ECE2023 Eposter Presentations Diabetes, Obesity, Metabolism and Nutrition (355 abstracts)
1Mugla Sitki Kocman University Faculty of Medicine, Department of Endocrinology and Metabolism, Muğla, Turkey; 2Mugla Sitki Kocman University Faculty of Medicine, Department of Internal Medicine, Muğla, Turkey
Introduction: Sodium/glucose co-transporter 2 (SGLT2) inhibitors are novel oral hypoglycemic agents that are increasingly used in the management of type 2 diabetes mellitus (T2DM). They are now recommended as second-line pharmacotherapy (in conjunction with metformin) in patients with type 2 diabetes and established atherosclerotic heart disease, heart failure or chronic kidney disease due to their favourable effects on cardiovascular and renal outcomes. We report a case of a 47-year-old woman who developed rhabdomyolysis after commencing the SGLT2 inhibitor empagliflozin. Case presentation: A 47-year-old female case was followed in the endocrinology clinic for T2DM, hyperlipidemia and chronic renal failure (Cre:1.73 mg/dl, GFR:35 ml/min and spot urine albumin/creatinine ratio:243 mg/g). She had been using linagliptin, insulin detemir, fenofibrate, rosuvastatin, candesartan and acetylsalicylic acid for two years. Empaglifozin was added because of her high HbA1c level (7.8%) and renal dysfunction. The patient presented to the emergency department with the complaint of muscle pain two weeks after starting empaglifozin. Laboratory results showed elevated creatinine kinase (CK) level of 3014 U/l (reference range 0-150 U/l) and increased creatinine level (2.84 mg/dl). Her CK levels were in normal range before empagliflozin treatment. No elevation in troponin levels was observed during follow-up. The patient was hospitalized with a diagnosis of rhabdomyolysis. Intravenous saline infusion therapy was started. Rosuvastatin, fenofibrate and empaglifozin were stopped. During the follow-up, creatinine kinase levels decreased to normal levels and creatinine level regressed to its basal level within a week.

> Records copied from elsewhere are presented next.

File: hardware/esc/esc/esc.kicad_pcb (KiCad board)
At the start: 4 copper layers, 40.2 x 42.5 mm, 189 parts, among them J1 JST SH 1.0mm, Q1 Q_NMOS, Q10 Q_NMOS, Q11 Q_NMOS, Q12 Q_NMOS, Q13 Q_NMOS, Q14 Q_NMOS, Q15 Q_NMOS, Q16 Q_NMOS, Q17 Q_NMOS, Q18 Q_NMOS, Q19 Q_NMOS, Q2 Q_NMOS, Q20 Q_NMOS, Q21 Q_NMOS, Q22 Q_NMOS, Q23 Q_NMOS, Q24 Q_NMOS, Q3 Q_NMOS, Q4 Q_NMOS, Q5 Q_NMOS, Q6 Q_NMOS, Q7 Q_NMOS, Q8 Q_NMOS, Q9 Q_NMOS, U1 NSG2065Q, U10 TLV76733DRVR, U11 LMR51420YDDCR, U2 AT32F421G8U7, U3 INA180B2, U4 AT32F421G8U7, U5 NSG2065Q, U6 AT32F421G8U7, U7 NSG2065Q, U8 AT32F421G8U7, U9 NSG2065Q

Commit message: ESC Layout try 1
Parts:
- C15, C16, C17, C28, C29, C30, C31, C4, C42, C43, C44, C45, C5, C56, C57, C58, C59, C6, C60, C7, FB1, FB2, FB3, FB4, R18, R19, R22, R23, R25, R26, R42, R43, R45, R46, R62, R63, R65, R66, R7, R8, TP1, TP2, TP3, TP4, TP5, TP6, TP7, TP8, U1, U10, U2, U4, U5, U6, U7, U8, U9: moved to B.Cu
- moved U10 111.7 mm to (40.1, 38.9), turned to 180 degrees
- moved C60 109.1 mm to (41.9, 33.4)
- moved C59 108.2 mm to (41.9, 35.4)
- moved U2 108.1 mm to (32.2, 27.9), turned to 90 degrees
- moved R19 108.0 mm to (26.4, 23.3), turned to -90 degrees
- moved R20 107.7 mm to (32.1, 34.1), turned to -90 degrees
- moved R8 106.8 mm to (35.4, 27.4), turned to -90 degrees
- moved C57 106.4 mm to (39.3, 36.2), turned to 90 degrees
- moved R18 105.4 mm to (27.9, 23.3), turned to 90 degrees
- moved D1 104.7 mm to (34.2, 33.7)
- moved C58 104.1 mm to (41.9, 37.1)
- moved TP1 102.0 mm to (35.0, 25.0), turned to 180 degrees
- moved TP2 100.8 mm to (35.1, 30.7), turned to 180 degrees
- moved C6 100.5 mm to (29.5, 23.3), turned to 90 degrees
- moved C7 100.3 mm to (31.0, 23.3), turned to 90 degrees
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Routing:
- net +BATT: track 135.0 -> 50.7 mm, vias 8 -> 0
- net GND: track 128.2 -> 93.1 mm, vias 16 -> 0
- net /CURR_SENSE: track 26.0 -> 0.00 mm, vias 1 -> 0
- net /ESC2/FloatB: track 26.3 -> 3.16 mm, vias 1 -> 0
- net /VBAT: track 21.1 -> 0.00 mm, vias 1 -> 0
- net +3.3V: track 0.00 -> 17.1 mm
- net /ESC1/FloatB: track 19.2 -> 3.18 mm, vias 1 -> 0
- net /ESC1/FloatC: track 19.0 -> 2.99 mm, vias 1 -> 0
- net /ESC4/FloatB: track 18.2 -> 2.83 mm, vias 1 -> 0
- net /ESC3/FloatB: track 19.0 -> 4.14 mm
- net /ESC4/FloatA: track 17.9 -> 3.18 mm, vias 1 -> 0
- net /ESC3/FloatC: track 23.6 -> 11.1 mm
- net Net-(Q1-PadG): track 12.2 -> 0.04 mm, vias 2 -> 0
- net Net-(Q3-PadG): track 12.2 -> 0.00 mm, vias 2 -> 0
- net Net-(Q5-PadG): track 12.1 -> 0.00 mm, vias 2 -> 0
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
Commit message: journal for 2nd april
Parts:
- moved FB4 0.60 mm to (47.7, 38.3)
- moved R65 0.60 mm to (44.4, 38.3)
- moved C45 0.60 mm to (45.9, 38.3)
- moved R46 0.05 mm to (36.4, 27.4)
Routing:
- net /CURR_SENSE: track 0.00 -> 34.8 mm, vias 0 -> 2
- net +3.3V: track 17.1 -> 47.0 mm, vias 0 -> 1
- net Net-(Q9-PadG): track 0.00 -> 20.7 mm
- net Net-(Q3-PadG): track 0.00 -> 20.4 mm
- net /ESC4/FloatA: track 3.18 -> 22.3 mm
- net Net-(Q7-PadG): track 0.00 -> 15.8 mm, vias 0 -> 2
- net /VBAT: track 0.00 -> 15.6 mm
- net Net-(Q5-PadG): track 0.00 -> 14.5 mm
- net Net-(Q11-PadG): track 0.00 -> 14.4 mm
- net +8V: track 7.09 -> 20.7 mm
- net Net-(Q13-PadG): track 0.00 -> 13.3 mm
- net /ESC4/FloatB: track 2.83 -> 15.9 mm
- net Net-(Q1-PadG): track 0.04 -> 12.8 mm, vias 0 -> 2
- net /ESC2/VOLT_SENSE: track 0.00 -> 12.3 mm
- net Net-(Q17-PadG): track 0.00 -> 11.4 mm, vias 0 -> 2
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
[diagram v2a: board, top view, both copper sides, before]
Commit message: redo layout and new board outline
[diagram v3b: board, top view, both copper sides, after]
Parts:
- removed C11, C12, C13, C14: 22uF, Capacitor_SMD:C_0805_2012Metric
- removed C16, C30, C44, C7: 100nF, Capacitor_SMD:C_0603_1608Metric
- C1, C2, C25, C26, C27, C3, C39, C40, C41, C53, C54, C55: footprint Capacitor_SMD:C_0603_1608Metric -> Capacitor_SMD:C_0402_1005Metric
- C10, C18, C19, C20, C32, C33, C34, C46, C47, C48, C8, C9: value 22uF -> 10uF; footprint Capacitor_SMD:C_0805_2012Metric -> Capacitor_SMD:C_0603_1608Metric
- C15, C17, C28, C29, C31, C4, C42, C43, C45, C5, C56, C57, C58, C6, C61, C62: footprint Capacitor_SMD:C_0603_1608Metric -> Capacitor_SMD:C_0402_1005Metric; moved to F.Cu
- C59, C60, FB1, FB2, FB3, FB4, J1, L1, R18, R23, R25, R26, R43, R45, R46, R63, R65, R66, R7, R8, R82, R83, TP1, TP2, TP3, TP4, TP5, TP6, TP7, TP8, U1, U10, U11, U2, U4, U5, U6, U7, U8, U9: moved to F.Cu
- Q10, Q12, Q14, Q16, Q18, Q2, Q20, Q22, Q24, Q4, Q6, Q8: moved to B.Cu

Conclusion: Drug-induced myopathies may present with varying severity, ranging from asymptomatic CK elevation, myalgia to rhabdomyolysis with acute kidney injury. Commonly implicated agents are statins and glucocorticoids. There are few case reports in the literature reporting development of myopathy after empaglifozin treatment with/without statins. On the otherhand, a retrospective study including 2202 cases of myopathy by Alkabbani et al., found that reports of myopathy were not disproportionally higher among those using SGLT-2 inhibitors with statins compared to SGLT-2 inhibitors or statins alone at the class level. Although our patient was using rosuvastatin and fenofibrate which are well-described causes of drug-induced rhabdomyolysis, we thought that empaglifozin might induce rhabdomyolysis because of long-term use of anti-hyperlipidemic drugs and the development of rhabdomyolysis 2 weeks after starting empaglifozin. Since the pathogenesis is not known, further studies are needed to determine the relationship between SGLT2 inhibitors and drug-induced myopathy and clinicians should keep in mind the risk of rhabdomyolysis with increased utilization of these drugs.